Could you return every line of the records below that contains the word "message"?

#### Source records
---

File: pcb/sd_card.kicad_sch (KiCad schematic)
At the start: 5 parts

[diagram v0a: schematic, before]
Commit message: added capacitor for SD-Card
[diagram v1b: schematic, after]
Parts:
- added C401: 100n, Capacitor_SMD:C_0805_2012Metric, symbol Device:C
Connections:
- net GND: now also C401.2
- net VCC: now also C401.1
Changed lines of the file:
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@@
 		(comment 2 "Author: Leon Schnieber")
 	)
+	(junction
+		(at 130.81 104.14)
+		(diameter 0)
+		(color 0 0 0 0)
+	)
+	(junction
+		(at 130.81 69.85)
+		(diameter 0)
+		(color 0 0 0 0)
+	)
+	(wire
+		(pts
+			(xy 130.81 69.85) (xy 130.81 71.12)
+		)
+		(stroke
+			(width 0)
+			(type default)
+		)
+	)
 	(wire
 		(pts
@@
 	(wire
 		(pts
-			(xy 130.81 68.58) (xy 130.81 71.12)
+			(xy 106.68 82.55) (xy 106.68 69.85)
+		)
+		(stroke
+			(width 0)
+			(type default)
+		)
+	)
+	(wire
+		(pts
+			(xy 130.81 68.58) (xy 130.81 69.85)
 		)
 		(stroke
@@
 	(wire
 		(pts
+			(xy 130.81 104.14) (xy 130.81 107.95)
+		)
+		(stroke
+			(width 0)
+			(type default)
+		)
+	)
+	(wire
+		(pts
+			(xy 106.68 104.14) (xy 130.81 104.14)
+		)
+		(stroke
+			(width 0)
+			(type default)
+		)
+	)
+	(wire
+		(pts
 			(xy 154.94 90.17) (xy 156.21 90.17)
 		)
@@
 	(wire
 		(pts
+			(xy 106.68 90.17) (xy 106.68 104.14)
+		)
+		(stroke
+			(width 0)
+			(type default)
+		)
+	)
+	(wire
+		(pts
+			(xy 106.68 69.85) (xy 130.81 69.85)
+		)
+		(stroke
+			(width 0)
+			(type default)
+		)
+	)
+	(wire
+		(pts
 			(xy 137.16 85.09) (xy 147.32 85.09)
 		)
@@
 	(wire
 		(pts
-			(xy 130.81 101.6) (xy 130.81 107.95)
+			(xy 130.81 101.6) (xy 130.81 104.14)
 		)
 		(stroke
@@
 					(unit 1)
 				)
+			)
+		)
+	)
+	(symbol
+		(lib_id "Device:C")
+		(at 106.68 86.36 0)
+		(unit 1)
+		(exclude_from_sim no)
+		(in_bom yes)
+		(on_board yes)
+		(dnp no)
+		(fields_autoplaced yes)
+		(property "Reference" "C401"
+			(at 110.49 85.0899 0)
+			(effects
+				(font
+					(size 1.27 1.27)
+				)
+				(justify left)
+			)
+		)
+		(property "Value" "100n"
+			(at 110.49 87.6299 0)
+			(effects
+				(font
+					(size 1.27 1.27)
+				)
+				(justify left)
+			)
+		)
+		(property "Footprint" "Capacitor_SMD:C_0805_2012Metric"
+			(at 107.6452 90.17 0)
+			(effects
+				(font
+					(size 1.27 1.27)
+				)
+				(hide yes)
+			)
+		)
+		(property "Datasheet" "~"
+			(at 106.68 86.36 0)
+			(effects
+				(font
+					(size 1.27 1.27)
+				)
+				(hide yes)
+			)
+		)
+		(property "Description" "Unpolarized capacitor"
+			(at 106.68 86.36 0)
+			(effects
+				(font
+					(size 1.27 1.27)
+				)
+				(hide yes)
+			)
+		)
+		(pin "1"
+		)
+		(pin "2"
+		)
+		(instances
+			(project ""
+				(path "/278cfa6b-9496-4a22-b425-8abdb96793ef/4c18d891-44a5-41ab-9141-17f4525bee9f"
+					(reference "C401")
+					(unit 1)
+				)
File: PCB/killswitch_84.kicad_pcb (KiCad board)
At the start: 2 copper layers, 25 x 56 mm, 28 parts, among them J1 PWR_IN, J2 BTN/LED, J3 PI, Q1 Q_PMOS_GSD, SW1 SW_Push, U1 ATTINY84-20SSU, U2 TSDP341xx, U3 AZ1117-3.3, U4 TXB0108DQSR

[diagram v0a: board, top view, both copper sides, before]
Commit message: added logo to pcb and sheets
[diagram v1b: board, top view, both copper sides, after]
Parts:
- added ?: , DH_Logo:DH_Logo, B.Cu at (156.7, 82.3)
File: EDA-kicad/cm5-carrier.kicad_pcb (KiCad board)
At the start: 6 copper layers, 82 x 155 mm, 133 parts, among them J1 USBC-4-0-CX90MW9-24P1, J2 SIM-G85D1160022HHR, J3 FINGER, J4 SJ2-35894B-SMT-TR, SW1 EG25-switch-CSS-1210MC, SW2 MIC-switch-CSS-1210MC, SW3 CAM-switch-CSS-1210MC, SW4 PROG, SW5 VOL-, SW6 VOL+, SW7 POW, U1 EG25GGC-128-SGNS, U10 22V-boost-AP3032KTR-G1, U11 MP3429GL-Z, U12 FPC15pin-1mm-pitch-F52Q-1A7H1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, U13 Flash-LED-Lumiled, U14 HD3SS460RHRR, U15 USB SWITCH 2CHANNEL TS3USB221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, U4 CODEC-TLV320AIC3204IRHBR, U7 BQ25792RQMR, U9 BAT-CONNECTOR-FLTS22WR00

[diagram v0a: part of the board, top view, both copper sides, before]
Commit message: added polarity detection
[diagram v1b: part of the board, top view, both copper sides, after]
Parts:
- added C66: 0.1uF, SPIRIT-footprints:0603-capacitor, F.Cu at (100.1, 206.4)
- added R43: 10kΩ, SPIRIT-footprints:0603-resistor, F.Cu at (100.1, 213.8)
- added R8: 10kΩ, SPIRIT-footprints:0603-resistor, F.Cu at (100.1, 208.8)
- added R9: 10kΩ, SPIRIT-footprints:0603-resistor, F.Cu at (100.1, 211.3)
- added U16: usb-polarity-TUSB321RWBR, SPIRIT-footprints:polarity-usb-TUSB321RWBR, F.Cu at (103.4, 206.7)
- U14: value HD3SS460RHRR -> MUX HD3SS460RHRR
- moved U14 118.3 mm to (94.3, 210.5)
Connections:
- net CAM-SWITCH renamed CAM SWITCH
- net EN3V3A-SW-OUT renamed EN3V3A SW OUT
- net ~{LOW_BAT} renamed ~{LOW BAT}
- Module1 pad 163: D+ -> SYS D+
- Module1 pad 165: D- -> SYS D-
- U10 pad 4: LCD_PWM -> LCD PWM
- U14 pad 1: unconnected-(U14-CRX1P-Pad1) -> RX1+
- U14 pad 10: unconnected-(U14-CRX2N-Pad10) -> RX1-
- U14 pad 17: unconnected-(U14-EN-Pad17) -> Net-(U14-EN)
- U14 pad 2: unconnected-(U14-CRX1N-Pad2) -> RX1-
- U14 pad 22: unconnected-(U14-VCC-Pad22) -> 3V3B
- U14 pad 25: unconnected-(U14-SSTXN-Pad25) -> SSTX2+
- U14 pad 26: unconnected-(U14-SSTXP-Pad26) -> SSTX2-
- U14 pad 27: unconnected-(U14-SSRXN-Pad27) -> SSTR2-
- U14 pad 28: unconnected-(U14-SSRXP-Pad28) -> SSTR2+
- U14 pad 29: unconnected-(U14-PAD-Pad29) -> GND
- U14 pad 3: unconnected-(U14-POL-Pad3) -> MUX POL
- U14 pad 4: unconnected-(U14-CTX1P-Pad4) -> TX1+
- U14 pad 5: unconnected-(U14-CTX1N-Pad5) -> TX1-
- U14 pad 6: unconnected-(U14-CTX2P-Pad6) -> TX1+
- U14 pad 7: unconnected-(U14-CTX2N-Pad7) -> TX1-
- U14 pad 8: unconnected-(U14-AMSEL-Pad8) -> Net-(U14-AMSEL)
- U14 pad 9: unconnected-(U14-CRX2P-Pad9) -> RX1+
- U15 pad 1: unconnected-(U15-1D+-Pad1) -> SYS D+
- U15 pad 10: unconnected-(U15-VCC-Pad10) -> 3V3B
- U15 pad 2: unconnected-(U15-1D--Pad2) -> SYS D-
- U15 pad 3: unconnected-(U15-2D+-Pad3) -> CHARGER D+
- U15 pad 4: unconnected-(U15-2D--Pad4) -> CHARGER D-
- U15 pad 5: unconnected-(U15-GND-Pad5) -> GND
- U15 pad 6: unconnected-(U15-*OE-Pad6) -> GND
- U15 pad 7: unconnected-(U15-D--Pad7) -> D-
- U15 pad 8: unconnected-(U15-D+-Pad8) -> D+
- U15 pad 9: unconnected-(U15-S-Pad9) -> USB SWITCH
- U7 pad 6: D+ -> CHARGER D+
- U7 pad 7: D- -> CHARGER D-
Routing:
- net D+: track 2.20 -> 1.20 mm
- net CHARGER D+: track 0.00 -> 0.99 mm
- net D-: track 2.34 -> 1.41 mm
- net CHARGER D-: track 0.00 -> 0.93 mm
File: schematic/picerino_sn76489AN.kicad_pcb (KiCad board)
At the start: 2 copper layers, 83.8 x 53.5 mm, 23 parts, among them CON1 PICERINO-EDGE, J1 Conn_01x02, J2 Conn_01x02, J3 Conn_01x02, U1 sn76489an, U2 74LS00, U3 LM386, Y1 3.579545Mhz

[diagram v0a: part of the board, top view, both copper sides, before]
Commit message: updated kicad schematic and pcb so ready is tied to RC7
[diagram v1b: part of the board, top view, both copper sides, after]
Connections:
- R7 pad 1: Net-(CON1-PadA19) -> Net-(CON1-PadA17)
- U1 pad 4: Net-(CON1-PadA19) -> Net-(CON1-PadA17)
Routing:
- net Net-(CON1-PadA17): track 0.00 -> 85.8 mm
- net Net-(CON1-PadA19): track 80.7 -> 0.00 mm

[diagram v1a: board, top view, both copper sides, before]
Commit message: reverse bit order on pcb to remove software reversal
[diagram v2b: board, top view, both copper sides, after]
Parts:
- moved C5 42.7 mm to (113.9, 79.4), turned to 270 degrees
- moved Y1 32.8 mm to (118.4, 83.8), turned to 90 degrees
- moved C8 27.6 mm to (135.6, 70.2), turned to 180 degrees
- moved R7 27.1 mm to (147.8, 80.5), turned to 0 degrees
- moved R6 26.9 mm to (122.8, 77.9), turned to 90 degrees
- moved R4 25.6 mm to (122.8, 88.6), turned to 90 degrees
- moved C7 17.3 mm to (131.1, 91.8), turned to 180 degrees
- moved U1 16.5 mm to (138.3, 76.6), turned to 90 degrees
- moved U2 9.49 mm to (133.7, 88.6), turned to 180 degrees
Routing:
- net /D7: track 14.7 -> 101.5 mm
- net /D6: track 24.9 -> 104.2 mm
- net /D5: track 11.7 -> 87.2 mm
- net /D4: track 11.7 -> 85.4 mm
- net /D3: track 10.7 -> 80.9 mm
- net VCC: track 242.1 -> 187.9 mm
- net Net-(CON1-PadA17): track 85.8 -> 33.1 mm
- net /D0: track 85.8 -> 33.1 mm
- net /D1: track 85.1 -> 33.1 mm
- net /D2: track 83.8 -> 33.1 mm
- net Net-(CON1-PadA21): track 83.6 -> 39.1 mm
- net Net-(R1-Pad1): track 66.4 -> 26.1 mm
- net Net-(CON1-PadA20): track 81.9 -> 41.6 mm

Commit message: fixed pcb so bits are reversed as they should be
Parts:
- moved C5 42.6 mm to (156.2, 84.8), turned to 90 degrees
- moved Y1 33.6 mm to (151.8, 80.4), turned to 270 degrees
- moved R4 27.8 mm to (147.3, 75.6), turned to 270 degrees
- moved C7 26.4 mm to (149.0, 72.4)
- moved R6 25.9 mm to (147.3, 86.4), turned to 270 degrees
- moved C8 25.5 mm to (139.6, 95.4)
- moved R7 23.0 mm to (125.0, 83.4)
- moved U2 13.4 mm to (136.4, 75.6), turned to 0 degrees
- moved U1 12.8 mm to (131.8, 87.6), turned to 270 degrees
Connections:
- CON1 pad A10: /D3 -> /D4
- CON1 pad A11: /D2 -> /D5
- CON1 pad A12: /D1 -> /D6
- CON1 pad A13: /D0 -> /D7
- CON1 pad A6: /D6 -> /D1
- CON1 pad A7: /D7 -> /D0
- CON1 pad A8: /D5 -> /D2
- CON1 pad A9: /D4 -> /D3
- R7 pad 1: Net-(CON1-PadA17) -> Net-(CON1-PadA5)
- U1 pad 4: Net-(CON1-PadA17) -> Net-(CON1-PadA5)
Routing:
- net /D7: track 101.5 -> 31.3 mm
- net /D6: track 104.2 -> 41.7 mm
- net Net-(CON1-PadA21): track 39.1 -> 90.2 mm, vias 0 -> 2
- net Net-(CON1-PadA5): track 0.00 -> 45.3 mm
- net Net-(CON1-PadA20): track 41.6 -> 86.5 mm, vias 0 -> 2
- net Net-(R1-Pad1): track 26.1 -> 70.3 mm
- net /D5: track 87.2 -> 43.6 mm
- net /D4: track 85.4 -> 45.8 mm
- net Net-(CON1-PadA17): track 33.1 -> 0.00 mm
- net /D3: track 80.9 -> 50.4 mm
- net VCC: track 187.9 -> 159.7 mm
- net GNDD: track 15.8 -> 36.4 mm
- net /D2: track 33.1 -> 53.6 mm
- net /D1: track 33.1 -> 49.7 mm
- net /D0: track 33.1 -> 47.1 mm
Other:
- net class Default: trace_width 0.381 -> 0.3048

---

#### Result of this task
Commit message: added capacitor for SD-Card
Commit message: added logo to pcb and sheets
Commit message: added polarity detection
Commit message: updated kicad schematic and pcb so ready is tied to RC7
Commit message: reverse bit order on pcb to remove software reversal
Commit message: fixed pcb so bits are reversed as they should be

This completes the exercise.